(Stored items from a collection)

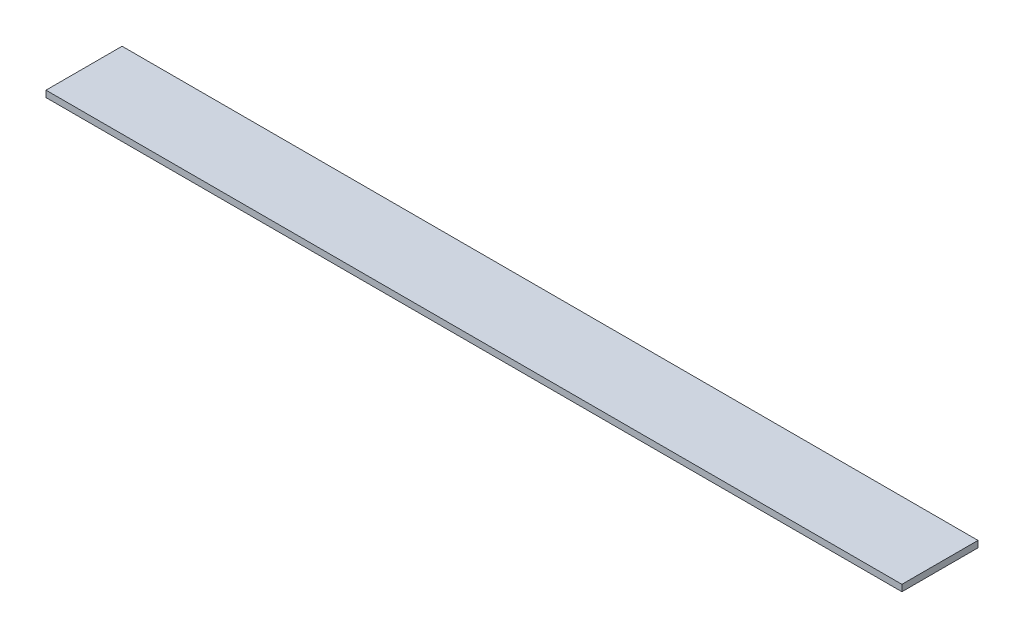
ISO-10303-21;
HEADER;
FILE_DESCRIPTION(('STEP AP214'),'2;1');
FILE_NAME('part.step','',(''),(''),'','','');
FILE_SCHEMA(('AUTOMOTIVE_DESIGN { 1 0 10303 214 1 1 1 1 }'));
ENDSEC;
DATA;
#1=APPLICATION_CONTEXT('core data for automotive mechanical design processes');
#2=APPLICATION_PROTOCOL_DEFINITION('international standard','automotive_design',2000,#1);
#3=PRODUCT_CONTEXT('',#1,'mechanical');
#4=PRODUCT('Part','Part','',(#3));
#5=PRODUCT_RELATED_PRODUCT_CATEGORY('part','',(#4));
#6=PRODUCT_DEFINITION_FORMATION('','',#4);
#7=PRODUCT_DEFINITION_CONTEXT('part definition',#1,'design');
#8=PRODUCT_DEFINITION('design','',#6,#7);
#9=PRODUCT_DEFINITION_SHAPE('','',#8);
#10=(LENGTH_UNIT() NAMED_UNIT(*) SI_UNIT(.MILLI.,.METRE.));
#11=(NAMED_UNIT(*) PLANE_ANGLE_UNIT() SI_UNIT($,.RADIAN.));
#12=(NAMED_UNIT(*) SI_UNIT($,.STERADIAN.) SOLID_ANGLE_UNIT());
#13=UNCERTAINTY_MEASURE_WITH_UNIT(LENGTH_MEASURE(1.E-05),#10,'distance_accuracy_value','');
#14=(GEOMETRIC_REPRESENTATION_CONTEXT(3) GLOBAL_UNCERTAINTY_ASSIGNED_CONTEXT((#13)) GLOBAL_UNIT_ASSIGNED_CONTEXT((#10,
#11,#12)) REPRESENTATION_CONTEXT('',''));
#15=CARTESIAN_POINT('',(0.,0.,0.));
#16=DIRECTION('',(0.,0.,1.));
#17=DIRECTION('',(1.,0.,0.));
#18=AXIS2_PLACEMENT_3D('',#15,#16,#17);
#19=CARTESIAN_POINT('',(112.5,1.7,-10.));
#20=DIRECTION('',(-1.,0.,0.));
#21=DIRECTION('',(0.,0.,1.));
#22=AXIS2_PLACEMENT_3D('',#19,#20,#21);
#23=PLANE('',#22);
#24=DIRECTION('',(0.,0.,-1.));
#25=VECTOR('',#24,1.);
#26=CARTESIAN_POINT('',(112.5,0.,-10.));
#27=LINE('',#26,#25);
#28=CARTESIAN_POINT('',(112.5,0.,10.));
#29=VERTEX_POINT('',#28);
#30=CARTESIAN_POINT('',(112.5,0.,-10.));
#31=VERTEX_POINT('',#30);
#32=EDGE_CURVE('E96',#29,#31,#27,.T.);
#33=ORIENTED_EDGE('',*,*,#32,.T.);
#34=DIRECTION('',(0.,-1.,0.));
#35=VECTOR('',#34,1.);
#36=CARTESIAN_POINT('',(112.5,1.7,-10.));
#37=LINE('',#36,#35);
#38=CARTESIAN_POINT('',(112.5,1.7,-10.));
#39=VERTEX_POINT('',#38);
#40=EDGE_CURVE('E11',#39,#31,#37,.T.);
#41=ORIENTED_EDGE('',*,*,#40,.F.);
#42=DIRECTION('',(0.,0.,-1.));
#43=VECTOR('',#42,1.);
#44=CARTESIAN_POINT('',(112.5,1.7,-10.));
#45=LINE('',#44,#43);
#46=CARTESIAN_POINT('',(112.5,1.7,10.));
#47=VERTEX_POINT('',#46);
#48=EDGE_CURVE('E84',#47,#39,#45,.T.);
#49=ORIENTED_EDGE('',*,*,#48,.F.);
#50=DIRECTION('',(0.,-1.,0.));
#51=VECTOR('',#50,1.);
#52=CARTESIAN_POINT('',(112.5,1.7,10.));
#53=LINE('',#52,#51);
#54=EDGE_CURVE('E92',#47,#29,#53,.T.);
#55=ORIENTED_EDGE('',*,*,#54,.T.);
#56=EDGE_LOOP('',(#33,#41,#49,#55));
#57=FACE_BOUND('',#56,.T.);
#58=ADVANCED_FACE('F33',(#57),#23,.F.);
#59=CARTESIAN_POINT('',(-112.5,1.7,-10.));
#60=DIRECTION('',(0.,0.,1.));
#61=DIRECTION('',(1.,0.,0.));
#62=AXIS2_PLACEMENT_3D('',#59,#60,#61);
#63=PLANE('',#62);
#64=DIRECTION('',(-1.,0.,0.));
#65=VECTOR('',#64,1.);
#66=CARTESIAN_POINT('',(-112.5,0.,-10.));
#67=LINE('',#66,#65);
#68=CARTESIAN_POINT('',(-112.5,0.,-10.));
#69=VERTEX_POINT('',#68);
#70=EDGE_CURVE('E88',#31,#69,#67,.T.);
#71=ORIENTED_EDGE('',*,*,#70,.T.);
#72=DIRECTION('',(0.,-1.,0.));
#73=VECTOR('',#72,1.);
#74=CARTESIAN_POINT('',(-112.5,1.7,-10.));
#75=LINE('',#74,#73);
#76=CARTESIAN_POINT('',(-112.5,1.7,-10.));
#77=VERTEX_POINT('',#76);
#78=EDGE_CURVE('E41',#77,#69,#75,.T.);
#79=ORIENTED_EDGE('',*,*,#78,.F.);
#80=DIRECTION('',(-1.,0.,0.));
#81=VECTOR('',#80,1.);
#82=CARTESIAN_POINT('',(-112.5,1.7,-10.));
#83=LINE('',#82,#81);
#84=EDGE_CURVE('E79',#39,#77,#83,.T.);
#85=ORIENTED_EDGE('',*,*,#84,.F.);
#86=ORIENTED_EDGE('',*,*,#40,.T.);
#87=EDGE_LOOP('',(#71,#79,#85,#86));
#88=FACE_BOUND('',#87,.T.);
#89=ADVANCED_FACE('F87',(#88),#63,.F.);
#90=CARTESIAN_POINT('',(-112.5,1.7,-10.));
#91=DIRECTION('',(1.,0.,0.));
#92=DIRECTION('',(0.,0.,-1.));
#93=AXIS2_PLACEMENT_3D('',#90,#91,#92);
#94=PLANE('',#93);
#95=DIRECTION('',(0.,0.,1.));
#96=VECTOR('',#95,1.);
#97=CARTESIAN_POINT('',(-112.5,0.,-10.));
#98=LINE('',#97,#96);
#99=CARTESIAN_POINT('',(-112.5,0.,10.));
#100=VERTEX_POINT('',#99);
#101=EDGE_CURVE('E66',#69,#100,#98,.T.);
#102=ORIENTED_EDGE('',*,*,#101,.T.);
#103=DIRECTION('',(0.,-1.,0.));
#104=VECTOR('',#103,1.);
#105=CARTESIAN_POINT('',(-112.5,1.7,10.));
#106=LINE('',#105,#104);
#107=CARTESIAN_POINT('',(-112.5,1.7,10.));
#108=VERTEX_POINT('',#107);
#109=EDGE_CURVE('E89',#108,#100,#106,.T.);
#110=ORIENTED_EDGE('',*,*,#109,.F.);
#111=DIRECTION('',(0.,0.,1.));
#112=VECTOR('',#111,1.);
#113=CARTESIAN_POINT('',(-112.5,1.7,-10.));
#114=LINE('',#113,#112);
#115=EDGE_CURVE('E82',#77,#108,#114,.T.);
#116=ORIENTED_EDGE('',*,*,#115,.F.);
#117=ORIENTED_EDGE('',*,*,#78,.T.);
#118=EDGE_LOOP('',(#102,#110,#116,#117));
#119=FACE_BOUND('',#118,.T.);
#120=ADVANCED_FACE('F90',(#119),#94,.F.);
#121=CARTESIAN_POINT('',(-112.5,1.7,10.));
#122=DIRECTION('',(0.,0.,-1.));
#123=DIRECTION('',(-1.,0.,0.));
#124=AXIS2_PLACEMENT_3D('',#121,#122,#123);
#125=PLANE('',#124);
#126=DIRECTION('',(1.,0.,0.));
#127=VECTOR('',#126,1.);
#128=CARTESIAN_POINT('',(-112.5,0.,10.));
#129=LINE('',#128,#127);
#130=EDGE_CURVE('E72',#100,#29,#129,.T.);
#131=ORIENTED_EDGE('',*,*,#130,.T.);
#132=ORIENTED_EDGE('',*,*,#54,.F.);
#133=DIRECTION('',(1.,0.,0.));
#134=VECTOR('',#133,1.);
#135=CARTESIAN_POINT('',(-112.5,1.7,10.));
#136=LINE('',#135,#134);
#137=EDGE_CURVE('E49',#108,#47,#136,.T.);
#138=ORIENTED_EDGE('',*,*,#137,.F.);
#139=ORIENTED_EDGE('',*,*,#109,.T.);
#140=EDGE_LOOP('',(#131,#132,#138,#139));
#141=FACE_BOUND('',#140,.T.);
#142=ADVANCED_FACE('F103',(#141),#125,.F.);
#143=CARTESIAN_POINT('',(0.,1.7,0.));
#144=DIRECTION('',(0.,1.,0.));
#145=DIRECTION('',(0.,0.,1.));
#146=AXIS2_PLACEMENT_3D('',#143,#144,#145);
#147=PLANE('',#146);
#148=ORIENTED_EDGE('',*,*,#48,.T.);
#149=ORIENTED_EDGE('',*,*,#84,.T.);
#150=ORIENTED_EDGE('',*,*,#115,.T.);
#151=ORIENTED_EDGE('',*,*,#137,.T.);
#152=EDGE_LOOP('',(#148,#149,#150,#151));
#153=FACE_BOUND('',#152,.T.);
#154=ADVANCED_FACE('F80',(#153),#147,.T.);
#155=CARTESIAN_POINT('',(0.,0.,0.));
#156=DIRECTION('',(0.,1.,0.));
#157=DIRECTION('',(0.,0.,1.));
#158=AXIS2_PLACEMENT_3D('',#155,#156,#157);
#159=PLANE('',#158);
#160=ORIENTED_EDGE('',*,*,#32,.F.);
#161=ORIENTED_EDGE('',*,*,#130,.F.);
#162=ORIENTED_EDGE('',*,*,#101,.F.);
#163=ORIENTED_EDGE('',*,*,#70,.F.);
#164=EDGE_LOOP('',(#160,#161,#162,#163));
#165=FACE_BOUND('',#164,.T.);
#166=ADVANCED_FACE('F106',(#165),#159,.F.);
#167=CLOSED_SHELL('',(#58,#89,#120,#142,#154,#166));
#168=MANIFOLD_SOLID_BREP('B2',#167);
#169=ADVANCED_BREP_SHAPE_REPRESENTATION('',(#18,#168),#14);
#170=SHAPE_DEFINITION_REPRESENTATION(#9,#169);
ENDSEC;
END-ISO-10303-21;

### TASK STATEMENT:
Could you restate word for word the lines above from the one containing "#80=DIRECTION('',(-1.,0.,0.));" through the one containing "#99=CARTESIAN_POINT('',(-112.5,0.,10.));", both included, and nothing else?

### RESULT:
#80=DIRECTION('',(-1.,0.,0.));
#81=VECTOR('',#80,1.);
#82=CARTESIAN_POINT('',(-112.5,1.7,-10.));
#83=LINE('',#82,#81);
#84=EDGE_CURVE('E79',#39,#77,#83,.T.);
#85=ORIENTED_EDGE('',*,*,#84,.F.);
#86=ORIENTED_EDGE('',*,*,#40,.T.);
#87=EDGE_LOOP('',(#71,#79,#85,#86));
#88=FACE_BOUND('',#87,.T.);
#89=ADVANCED_FACE('F87',(#88),#63,.F.);
#90=CARTESIAN_POINT('',(-112.5,1.7,-10.));
#91=DIRECTION('',(1.,0.,0.));
#92=DIRECTION('',(0.,0.,-1.));
#93=AXIS2_PLACEMENT_3D('',#90,#91,#92);
#94=PLANE('',#93);
#95=DIRECTION('',(0.,0.,1.));
#96=VECTOR('',#95,1.);
#97=CARTESIAN_POINT('',(-112.5,0.,-10.));
#98=LINE('',#97,#96);
#99=CARTESIAN_POINT('',(-112.5,0.,10.));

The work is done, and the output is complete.